Quindi oggi, a Sanremo, arriva il suo capolavoro. Prima della città dei fiori e del festival la Via Aurelia ha una impennata di 150 metri di dislivello. Qui molte Classicissime hanno visto il loro epilogo ed è qui, a sette chilometri dal traguardo, che Nibali piazza l’attacco che lo porta a scollinare con 11 secondi di vantaggio sulla muta di inseguitori dove figurano il Campione del Mondo Peter Sagan, l’australiano Caleb Ewan e tutti i passisti migliori incaricati di andare a riprendere i fuggitivi per preparare la voltata ai finisseur.
Mancano solo 5 chilometri al Traguardo, lo Squalo è solo mentre gli altri si danno il cambio. Solo nella sua incoscienza o temerarietà, consapevole del proprio valore. Non sbaglia una curva ed addirittura riesce a carpire un ulteriore importante secondo di vantaggio. La strada – per il paio di chilometri che mancano – è ormai in pianura.

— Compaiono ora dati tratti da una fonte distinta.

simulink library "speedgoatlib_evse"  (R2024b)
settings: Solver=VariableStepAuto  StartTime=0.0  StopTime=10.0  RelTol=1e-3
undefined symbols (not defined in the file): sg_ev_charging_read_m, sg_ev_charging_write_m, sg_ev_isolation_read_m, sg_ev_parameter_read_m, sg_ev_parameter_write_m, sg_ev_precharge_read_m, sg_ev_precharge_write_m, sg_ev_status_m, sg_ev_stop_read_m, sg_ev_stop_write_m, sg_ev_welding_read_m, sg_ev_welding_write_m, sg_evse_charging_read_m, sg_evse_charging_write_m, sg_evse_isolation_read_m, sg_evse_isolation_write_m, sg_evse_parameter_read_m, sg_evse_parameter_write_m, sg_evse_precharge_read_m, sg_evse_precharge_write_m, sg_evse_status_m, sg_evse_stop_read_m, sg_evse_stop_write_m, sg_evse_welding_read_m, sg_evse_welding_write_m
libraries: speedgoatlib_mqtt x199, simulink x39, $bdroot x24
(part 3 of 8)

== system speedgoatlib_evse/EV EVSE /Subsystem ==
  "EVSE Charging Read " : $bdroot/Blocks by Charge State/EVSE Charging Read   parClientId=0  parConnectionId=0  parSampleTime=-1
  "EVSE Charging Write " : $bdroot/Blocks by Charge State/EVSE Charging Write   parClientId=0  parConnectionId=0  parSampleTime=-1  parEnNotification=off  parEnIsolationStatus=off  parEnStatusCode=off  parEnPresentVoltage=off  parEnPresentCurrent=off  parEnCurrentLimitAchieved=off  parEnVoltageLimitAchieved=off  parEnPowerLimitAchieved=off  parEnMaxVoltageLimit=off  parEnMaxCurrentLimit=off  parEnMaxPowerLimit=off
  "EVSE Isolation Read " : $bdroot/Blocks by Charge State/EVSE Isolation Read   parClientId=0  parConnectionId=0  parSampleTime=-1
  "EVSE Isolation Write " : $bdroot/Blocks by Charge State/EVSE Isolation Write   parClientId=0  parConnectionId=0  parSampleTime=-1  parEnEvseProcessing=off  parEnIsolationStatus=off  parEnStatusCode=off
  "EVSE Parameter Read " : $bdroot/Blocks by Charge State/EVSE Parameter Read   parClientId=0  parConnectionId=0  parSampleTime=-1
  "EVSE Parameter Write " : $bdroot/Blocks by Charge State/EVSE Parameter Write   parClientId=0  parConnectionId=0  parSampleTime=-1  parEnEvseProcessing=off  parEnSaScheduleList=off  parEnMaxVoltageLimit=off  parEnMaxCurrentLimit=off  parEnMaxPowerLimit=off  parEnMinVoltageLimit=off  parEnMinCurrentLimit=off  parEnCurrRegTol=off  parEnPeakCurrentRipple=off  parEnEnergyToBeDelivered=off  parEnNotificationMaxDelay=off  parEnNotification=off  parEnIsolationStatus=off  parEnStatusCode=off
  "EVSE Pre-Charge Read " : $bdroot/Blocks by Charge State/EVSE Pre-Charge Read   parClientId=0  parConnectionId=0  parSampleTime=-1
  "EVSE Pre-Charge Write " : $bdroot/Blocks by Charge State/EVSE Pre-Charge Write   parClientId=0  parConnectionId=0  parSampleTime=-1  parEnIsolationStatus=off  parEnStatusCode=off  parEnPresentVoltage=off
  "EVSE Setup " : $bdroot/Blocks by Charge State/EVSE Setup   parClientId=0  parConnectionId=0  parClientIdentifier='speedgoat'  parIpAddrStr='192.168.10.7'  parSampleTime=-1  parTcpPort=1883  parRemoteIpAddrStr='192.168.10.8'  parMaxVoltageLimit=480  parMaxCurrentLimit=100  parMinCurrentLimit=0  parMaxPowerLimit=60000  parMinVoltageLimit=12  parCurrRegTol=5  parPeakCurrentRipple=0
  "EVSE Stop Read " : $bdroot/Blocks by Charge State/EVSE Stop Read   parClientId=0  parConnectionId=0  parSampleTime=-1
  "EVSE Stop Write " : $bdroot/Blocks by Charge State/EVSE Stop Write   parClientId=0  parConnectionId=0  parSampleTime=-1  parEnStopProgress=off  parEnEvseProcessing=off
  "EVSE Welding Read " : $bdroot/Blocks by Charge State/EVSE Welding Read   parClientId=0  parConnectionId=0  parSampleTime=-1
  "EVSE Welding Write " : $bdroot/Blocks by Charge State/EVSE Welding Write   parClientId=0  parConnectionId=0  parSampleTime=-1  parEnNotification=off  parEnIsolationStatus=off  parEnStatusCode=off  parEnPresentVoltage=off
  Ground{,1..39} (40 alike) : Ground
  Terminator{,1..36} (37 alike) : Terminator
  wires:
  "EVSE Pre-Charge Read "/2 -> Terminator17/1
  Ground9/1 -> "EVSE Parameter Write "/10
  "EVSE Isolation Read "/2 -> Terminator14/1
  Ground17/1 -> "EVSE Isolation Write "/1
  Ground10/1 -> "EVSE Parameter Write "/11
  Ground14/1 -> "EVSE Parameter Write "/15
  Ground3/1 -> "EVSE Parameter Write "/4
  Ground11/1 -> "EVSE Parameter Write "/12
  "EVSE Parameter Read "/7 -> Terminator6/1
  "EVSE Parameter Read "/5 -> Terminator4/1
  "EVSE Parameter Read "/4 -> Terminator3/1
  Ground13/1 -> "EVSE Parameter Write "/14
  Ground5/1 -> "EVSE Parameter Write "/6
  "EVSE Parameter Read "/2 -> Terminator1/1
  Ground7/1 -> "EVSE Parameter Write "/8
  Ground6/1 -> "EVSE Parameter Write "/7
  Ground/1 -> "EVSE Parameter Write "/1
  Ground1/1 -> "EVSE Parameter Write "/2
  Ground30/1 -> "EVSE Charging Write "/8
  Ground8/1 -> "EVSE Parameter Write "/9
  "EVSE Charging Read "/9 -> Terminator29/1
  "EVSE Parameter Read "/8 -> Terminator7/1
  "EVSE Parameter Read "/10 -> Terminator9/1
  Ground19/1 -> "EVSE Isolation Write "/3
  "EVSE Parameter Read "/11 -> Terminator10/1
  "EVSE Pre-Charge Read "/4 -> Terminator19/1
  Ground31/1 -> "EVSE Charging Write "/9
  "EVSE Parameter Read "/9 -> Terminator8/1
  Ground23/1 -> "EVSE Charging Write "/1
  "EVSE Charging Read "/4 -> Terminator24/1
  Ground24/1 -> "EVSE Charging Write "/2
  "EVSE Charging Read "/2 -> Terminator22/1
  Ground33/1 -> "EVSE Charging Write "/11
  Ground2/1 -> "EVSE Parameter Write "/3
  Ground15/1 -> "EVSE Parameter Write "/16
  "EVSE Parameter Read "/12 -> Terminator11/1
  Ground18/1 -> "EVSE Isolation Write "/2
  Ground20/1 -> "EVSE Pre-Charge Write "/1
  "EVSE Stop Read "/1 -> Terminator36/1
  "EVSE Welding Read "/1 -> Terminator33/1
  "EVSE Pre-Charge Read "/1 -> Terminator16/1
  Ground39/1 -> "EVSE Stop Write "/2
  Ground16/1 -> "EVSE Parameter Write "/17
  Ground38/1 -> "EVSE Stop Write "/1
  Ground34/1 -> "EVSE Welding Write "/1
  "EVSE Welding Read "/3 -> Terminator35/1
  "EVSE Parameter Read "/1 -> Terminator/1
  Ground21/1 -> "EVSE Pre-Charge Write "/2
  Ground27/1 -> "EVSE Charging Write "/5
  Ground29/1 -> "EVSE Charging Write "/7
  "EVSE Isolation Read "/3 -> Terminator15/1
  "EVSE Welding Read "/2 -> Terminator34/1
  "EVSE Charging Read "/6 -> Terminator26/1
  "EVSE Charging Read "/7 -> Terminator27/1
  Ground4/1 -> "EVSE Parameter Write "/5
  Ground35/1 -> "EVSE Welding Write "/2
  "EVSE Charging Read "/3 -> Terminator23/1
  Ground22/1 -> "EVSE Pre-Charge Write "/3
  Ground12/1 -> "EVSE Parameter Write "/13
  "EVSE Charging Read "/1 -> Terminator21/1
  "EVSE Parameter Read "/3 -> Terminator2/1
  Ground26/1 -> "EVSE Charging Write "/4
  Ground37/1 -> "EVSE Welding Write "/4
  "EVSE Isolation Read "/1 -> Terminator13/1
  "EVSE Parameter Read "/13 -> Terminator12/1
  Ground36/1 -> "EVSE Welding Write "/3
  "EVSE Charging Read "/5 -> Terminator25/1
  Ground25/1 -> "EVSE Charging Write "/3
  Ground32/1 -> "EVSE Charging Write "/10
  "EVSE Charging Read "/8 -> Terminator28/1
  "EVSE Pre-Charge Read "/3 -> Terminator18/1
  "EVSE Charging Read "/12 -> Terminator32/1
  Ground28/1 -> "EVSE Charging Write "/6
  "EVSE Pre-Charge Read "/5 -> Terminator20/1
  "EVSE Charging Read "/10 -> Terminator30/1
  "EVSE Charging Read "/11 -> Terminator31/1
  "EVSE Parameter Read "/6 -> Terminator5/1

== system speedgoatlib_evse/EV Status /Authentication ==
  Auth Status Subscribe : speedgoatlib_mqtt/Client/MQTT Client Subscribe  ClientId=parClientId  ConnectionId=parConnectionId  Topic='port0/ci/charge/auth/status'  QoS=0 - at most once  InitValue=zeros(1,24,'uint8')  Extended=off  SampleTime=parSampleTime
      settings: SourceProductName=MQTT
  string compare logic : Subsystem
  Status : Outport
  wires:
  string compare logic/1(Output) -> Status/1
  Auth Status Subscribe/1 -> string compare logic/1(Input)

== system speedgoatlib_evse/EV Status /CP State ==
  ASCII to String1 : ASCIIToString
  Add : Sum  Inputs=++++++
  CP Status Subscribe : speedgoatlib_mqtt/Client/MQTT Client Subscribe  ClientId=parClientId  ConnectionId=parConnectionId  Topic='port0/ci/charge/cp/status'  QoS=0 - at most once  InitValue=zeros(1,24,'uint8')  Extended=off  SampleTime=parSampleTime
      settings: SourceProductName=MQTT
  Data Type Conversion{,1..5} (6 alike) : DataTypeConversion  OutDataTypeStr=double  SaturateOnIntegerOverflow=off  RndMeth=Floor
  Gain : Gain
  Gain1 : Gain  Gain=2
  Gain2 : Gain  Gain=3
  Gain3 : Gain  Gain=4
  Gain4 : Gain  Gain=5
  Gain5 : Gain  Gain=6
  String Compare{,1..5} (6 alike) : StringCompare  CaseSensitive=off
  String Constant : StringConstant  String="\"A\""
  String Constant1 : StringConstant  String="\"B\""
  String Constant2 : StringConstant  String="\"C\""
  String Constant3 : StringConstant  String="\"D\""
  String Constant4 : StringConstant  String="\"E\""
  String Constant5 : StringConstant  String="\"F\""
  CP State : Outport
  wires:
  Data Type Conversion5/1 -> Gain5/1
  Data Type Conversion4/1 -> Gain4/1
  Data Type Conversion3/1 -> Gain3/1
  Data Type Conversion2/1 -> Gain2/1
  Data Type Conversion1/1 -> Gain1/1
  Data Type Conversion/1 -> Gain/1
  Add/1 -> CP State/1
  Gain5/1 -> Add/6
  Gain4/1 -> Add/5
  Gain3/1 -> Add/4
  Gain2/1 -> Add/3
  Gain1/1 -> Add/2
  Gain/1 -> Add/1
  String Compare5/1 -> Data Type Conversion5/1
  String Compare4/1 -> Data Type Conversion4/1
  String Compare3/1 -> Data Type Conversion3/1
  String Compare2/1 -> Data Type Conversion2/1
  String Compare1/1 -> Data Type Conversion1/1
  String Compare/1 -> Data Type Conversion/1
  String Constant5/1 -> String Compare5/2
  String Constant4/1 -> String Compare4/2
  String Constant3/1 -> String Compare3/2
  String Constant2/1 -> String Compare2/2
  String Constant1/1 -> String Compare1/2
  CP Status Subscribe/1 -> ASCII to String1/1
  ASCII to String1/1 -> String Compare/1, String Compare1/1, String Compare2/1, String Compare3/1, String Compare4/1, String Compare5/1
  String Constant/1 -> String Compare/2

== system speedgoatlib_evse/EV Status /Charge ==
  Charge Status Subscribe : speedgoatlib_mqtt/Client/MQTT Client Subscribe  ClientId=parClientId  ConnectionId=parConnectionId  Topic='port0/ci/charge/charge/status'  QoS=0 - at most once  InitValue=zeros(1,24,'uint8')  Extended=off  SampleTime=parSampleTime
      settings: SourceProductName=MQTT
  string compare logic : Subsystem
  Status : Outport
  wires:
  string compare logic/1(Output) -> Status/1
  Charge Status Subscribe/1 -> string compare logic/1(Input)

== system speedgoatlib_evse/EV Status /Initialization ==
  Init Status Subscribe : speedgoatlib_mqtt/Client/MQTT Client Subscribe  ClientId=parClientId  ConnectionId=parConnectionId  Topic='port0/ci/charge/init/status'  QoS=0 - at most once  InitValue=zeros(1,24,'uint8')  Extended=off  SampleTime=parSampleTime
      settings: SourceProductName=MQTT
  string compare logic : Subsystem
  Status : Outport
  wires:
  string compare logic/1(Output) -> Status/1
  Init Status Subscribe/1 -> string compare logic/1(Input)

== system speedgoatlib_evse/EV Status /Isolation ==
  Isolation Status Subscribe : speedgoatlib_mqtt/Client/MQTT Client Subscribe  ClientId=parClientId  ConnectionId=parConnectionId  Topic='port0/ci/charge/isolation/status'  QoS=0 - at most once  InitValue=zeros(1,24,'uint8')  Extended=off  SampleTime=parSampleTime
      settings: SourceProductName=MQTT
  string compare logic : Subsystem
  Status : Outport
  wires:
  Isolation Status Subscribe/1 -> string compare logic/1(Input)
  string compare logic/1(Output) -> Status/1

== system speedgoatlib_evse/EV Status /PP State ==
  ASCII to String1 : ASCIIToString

Lo Squalo ha sulle gambe 290 chilometri ed attinge alle residue energie che gli sono rimaste. Riesce a contenere il recupero del gruppo nell’ordine di un secondo ogni cento metri.
Non si volta mai a guardare e sul traguardo ha ancora cinque metri su Caleb Ewan ed il francese Arnaud Demare che regolano il gruppo, accreditato del suo stesso tempo.
Nibali è ormai un mito, tutto italiano: gambe, cuore e coraggio. Un ragazzo del Sud, come tanti altri.